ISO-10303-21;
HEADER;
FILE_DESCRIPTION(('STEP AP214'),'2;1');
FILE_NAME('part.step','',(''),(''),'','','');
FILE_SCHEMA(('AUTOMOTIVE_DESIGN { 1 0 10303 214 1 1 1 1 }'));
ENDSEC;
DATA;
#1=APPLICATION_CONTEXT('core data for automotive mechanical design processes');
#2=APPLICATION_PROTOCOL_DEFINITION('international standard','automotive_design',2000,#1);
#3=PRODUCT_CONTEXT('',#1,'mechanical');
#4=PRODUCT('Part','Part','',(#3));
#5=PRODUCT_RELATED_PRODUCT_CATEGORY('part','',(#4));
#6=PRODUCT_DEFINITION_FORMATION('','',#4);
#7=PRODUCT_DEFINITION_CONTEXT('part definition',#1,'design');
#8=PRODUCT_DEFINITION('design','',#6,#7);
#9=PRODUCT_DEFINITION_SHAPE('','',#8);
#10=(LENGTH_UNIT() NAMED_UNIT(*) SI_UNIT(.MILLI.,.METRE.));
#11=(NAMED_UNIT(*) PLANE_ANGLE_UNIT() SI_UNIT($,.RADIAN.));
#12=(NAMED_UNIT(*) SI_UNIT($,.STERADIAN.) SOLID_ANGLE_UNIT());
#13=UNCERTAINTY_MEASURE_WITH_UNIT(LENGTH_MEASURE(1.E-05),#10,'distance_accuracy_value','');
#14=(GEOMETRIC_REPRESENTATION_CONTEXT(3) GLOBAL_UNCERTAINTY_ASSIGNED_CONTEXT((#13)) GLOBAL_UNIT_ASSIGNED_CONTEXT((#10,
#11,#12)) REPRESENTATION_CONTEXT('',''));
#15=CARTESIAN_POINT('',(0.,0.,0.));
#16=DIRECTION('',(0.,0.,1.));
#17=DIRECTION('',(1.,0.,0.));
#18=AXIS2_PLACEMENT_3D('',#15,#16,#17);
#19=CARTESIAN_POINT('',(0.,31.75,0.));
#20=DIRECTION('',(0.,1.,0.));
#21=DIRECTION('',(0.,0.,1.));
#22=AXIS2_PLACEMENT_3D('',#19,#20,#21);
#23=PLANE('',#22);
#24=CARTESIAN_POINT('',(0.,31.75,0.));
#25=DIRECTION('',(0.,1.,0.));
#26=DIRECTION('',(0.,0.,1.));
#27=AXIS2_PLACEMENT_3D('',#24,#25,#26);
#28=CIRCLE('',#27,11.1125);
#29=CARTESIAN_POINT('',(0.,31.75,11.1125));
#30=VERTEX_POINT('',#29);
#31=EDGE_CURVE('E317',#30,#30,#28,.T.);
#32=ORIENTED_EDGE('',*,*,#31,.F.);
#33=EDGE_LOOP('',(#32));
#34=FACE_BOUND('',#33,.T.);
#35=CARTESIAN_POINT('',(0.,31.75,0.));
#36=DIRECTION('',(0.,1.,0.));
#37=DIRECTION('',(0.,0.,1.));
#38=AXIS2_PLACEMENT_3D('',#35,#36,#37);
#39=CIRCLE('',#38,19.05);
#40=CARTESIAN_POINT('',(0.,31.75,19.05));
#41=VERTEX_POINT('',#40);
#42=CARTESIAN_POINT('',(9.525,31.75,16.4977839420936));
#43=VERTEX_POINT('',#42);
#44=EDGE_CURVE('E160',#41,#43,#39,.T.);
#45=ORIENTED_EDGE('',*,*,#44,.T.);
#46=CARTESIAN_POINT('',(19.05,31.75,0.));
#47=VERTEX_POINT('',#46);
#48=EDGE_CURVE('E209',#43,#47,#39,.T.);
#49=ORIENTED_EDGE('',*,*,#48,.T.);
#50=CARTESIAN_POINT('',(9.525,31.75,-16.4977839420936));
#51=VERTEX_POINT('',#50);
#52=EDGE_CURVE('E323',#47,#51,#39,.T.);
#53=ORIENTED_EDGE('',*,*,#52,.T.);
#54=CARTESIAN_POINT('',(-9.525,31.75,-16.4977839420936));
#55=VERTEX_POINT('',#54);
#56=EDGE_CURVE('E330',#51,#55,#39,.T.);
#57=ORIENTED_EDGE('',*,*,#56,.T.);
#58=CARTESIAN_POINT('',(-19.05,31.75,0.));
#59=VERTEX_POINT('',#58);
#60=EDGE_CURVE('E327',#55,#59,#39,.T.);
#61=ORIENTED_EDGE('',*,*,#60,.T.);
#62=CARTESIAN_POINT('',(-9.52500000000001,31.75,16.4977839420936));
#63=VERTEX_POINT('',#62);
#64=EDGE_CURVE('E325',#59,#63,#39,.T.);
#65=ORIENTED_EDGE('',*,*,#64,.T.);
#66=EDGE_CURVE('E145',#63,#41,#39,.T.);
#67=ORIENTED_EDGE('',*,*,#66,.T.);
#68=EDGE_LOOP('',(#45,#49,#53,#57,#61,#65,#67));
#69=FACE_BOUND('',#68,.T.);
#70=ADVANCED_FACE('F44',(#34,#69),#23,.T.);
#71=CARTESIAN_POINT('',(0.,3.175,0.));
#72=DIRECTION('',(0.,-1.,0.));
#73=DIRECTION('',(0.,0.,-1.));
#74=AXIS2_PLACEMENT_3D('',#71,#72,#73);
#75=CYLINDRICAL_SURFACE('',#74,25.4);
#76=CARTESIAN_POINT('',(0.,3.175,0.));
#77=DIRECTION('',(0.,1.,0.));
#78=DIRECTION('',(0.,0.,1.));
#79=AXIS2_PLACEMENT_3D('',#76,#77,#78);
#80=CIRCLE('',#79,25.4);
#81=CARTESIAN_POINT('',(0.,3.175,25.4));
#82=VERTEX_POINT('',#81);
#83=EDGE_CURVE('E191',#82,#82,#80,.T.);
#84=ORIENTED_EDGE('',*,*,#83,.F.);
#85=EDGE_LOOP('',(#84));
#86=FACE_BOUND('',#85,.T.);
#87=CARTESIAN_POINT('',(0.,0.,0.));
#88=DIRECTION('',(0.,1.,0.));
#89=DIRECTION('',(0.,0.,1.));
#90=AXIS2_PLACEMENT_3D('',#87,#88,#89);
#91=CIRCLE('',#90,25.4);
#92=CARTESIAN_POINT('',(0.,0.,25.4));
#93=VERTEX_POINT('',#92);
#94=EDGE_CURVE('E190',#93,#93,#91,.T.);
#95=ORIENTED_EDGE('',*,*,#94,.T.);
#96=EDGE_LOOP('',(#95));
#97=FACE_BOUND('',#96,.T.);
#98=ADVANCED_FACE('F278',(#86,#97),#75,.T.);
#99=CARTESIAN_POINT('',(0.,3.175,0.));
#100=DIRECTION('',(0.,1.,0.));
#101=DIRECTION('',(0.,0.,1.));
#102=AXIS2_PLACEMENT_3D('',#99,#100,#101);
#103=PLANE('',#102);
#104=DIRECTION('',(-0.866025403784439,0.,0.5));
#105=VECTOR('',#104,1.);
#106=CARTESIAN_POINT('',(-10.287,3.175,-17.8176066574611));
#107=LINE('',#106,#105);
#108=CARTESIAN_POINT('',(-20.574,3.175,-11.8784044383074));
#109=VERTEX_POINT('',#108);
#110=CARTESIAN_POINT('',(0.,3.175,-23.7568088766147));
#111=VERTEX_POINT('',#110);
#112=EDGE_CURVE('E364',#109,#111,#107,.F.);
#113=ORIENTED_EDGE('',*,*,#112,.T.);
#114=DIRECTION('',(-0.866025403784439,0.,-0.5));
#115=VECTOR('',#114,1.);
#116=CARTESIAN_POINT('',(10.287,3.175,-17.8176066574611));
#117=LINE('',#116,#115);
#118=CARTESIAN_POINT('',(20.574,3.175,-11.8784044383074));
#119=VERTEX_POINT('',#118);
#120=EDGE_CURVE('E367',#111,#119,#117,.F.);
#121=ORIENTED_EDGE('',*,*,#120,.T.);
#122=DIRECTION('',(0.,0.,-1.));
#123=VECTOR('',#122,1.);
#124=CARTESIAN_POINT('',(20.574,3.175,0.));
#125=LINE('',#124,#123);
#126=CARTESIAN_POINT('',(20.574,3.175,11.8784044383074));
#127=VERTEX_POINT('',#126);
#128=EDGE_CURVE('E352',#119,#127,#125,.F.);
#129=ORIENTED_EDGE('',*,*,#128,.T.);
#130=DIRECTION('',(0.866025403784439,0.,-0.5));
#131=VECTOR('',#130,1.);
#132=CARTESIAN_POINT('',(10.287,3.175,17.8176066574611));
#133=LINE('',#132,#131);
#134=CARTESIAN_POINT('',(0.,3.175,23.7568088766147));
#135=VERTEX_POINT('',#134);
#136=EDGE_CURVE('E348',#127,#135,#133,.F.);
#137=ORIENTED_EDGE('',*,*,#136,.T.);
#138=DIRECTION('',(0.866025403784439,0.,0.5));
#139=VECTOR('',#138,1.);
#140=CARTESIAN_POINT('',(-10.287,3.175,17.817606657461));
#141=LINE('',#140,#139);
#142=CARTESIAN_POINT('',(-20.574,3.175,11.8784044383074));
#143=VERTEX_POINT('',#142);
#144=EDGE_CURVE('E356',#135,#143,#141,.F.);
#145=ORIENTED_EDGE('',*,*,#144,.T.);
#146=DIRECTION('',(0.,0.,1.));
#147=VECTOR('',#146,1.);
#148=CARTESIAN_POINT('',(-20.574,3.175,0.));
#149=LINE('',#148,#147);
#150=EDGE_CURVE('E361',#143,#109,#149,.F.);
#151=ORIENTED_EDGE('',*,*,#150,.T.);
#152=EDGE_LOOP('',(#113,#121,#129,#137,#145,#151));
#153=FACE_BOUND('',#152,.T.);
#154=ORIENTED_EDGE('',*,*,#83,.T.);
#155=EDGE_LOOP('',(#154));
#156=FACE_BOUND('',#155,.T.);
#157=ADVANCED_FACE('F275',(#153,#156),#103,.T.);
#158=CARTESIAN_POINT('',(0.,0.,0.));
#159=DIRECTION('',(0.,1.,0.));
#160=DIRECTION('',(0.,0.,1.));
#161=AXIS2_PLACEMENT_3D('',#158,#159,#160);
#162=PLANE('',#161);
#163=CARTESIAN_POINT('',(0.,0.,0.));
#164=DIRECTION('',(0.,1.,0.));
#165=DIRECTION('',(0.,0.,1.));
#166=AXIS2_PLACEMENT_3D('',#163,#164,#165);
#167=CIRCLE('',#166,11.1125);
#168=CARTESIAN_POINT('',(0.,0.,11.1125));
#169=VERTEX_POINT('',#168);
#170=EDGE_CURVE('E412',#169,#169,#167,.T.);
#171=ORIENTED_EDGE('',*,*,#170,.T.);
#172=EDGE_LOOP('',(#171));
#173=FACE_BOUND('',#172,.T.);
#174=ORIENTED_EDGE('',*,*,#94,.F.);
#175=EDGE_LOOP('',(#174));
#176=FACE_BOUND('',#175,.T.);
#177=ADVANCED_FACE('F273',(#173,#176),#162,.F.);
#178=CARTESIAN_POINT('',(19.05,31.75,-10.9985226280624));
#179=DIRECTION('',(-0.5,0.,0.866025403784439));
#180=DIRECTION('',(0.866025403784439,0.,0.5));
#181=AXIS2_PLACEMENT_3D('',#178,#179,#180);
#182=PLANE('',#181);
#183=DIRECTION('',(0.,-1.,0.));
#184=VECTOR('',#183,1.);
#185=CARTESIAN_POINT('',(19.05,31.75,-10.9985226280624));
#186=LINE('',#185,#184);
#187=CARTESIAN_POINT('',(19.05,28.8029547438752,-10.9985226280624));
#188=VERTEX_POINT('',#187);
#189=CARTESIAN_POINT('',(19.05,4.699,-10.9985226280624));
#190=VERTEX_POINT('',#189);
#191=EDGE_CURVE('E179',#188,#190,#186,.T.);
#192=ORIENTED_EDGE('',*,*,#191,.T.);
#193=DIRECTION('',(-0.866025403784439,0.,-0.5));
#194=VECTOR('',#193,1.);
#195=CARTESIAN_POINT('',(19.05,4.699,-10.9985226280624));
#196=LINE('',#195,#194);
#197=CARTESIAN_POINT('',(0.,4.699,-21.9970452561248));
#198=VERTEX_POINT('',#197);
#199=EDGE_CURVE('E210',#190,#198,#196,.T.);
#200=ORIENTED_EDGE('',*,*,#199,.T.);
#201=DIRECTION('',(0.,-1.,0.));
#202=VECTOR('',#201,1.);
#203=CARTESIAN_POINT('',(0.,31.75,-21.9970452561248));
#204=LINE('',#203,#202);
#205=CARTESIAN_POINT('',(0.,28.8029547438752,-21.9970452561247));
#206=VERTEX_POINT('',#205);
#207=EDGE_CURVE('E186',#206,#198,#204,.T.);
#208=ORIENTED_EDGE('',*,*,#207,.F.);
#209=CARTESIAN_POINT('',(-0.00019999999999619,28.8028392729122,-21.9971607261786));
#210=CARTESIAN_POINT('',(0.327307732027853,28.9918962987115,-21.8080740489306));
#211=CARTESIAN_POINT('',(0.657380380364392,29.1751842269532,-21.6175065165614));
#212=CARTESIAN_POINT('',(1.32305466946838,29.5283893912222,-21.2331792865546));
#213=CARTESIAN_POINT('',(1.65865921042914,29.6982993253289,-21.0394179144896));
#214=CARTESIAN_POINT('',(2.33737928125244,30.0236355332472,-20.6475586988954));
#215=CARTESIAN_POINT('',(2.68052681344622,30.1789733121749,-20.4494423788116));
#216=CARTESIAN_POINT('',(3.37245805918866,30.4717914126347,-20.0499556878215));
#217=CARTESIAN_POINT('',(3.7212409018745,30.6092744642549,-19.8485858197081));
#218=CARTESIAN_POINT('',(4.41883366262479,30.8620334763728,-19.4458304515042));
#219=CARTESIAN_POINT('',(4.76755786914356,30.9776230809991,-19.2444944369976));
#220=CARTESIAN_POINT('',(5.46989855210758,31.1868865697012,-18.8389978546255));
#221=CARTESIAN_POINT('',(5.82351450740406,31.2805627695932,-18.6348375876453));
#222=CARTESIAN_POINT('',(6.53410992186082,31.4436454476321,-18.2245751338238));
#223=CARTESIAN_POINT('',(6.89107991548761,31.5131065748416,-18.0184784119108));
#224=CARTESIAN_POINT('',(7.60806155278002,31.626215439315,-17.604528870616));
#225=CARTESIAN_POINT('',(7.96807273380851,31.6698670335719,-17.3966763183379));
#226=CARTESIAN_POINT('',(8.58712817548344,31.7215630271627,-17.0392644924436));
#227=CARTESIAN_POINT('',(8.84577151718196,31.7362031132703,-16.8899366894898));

****************************************

Exercise prompt >>
Return, with no change at all, every line in the entries above from the line containing "#45=ORIENTED_EDGE('',*,*,#44,.T.);" through the line containing "#84=ORIENTED_EDGE('',*,*,#83,.F.);".

Result of this task >>
#45=ORIENTED_EDGE('',*,*,#44,.T.);
#46=CARTESIAN_POINT('',(19.05,31.75,0.));
#47=VERTEX_POINT('',#46);
#48=EDGE_CURVE('E209',#43,#47,#39,.T.);
#49=ORIENTED_EDGE('',*,*,#48,.T.);
#50=CARTESIAN_POINT('',(9.525,31.75,-16.4977839420936));
#51=VERTEX_POINT('',#50);
#52=EDGE_CURVE('E323',#47,#51,#39,.T.);
#53=ORIENTED_EDGE('',*,*,#52,.T.);
#54=CARTESIAN_POINT('',(-9.525,31.75,-16.4977839420936));
#55=VERTEX_POINT('',#54);
#56=EDGE_CURVE('E330',#51,#55,#39,.T.);
#57=ORIENTED_EDGE('',*,*,#56,.T.);
#58=CARTESIAN_POINT('',(-19.05,31.75,0.));
#59=VERTEX_POINT('',#58);
#60=EDGE_CURVE('E327',#55,#59,#39,.T.);
#61=ORIENTED_EDGE('',*,*,#60,.T.);
#62=CARTESIAN_POINT('',(-9.52500000000001,31.75,16.4977839420936));
#63=VERTEX_POINT('',#62);
#64=EDGE_CURVE('E325',#59,#63,#39,.T.);
#65=ORIENTED_EDGE('',*,*,#64,.T.);
#66=EDGE_CURVE('E145',#63,#41,#39,.T.);
#67=ORIENTED_EDGE('',*,*,#66,.T.);
#68=EDGE_LOOP('',(#45,#49,#53,#57,#61,#65,#67));
#69=FACE_BOUND('',#68,.T.);
#70=ADVANCED_FACE('F44',(#34,#69),#23,.T.);
#71=CARTESIAN_POINT('',(0.,3.175,0.));
#72=DIRECTION('',(0.,-1.,0.));
#73=DIRECTION('',(0.,0.,-1.));
#74=AXIS2_PLACEMENT_3D('',#71,#72,#73);
#75=CYLINDRICAL_SURFACE('',#74,25.4);
#76=CARTESIAN_POINT('',(0.,3.175,0.));
#77=DIRECTION('',(0.,1.,0.));
#78=DIRECTION('',(0.,0.,1.));
#79=AXIS2_PLACEMENT_3D('',#76,#77,#78);
#80=CIRCLE('',#79,25.4);
#81=CARTESIAN_POINT('',(0.,3.175,25.4));
#82=VERTEX_POINT('',#81);
#83=EDGE_CURVE('E191',#82,#82,#80,.T.);
#84=ORIENTED_EDGE('',*,*,#83,.F.);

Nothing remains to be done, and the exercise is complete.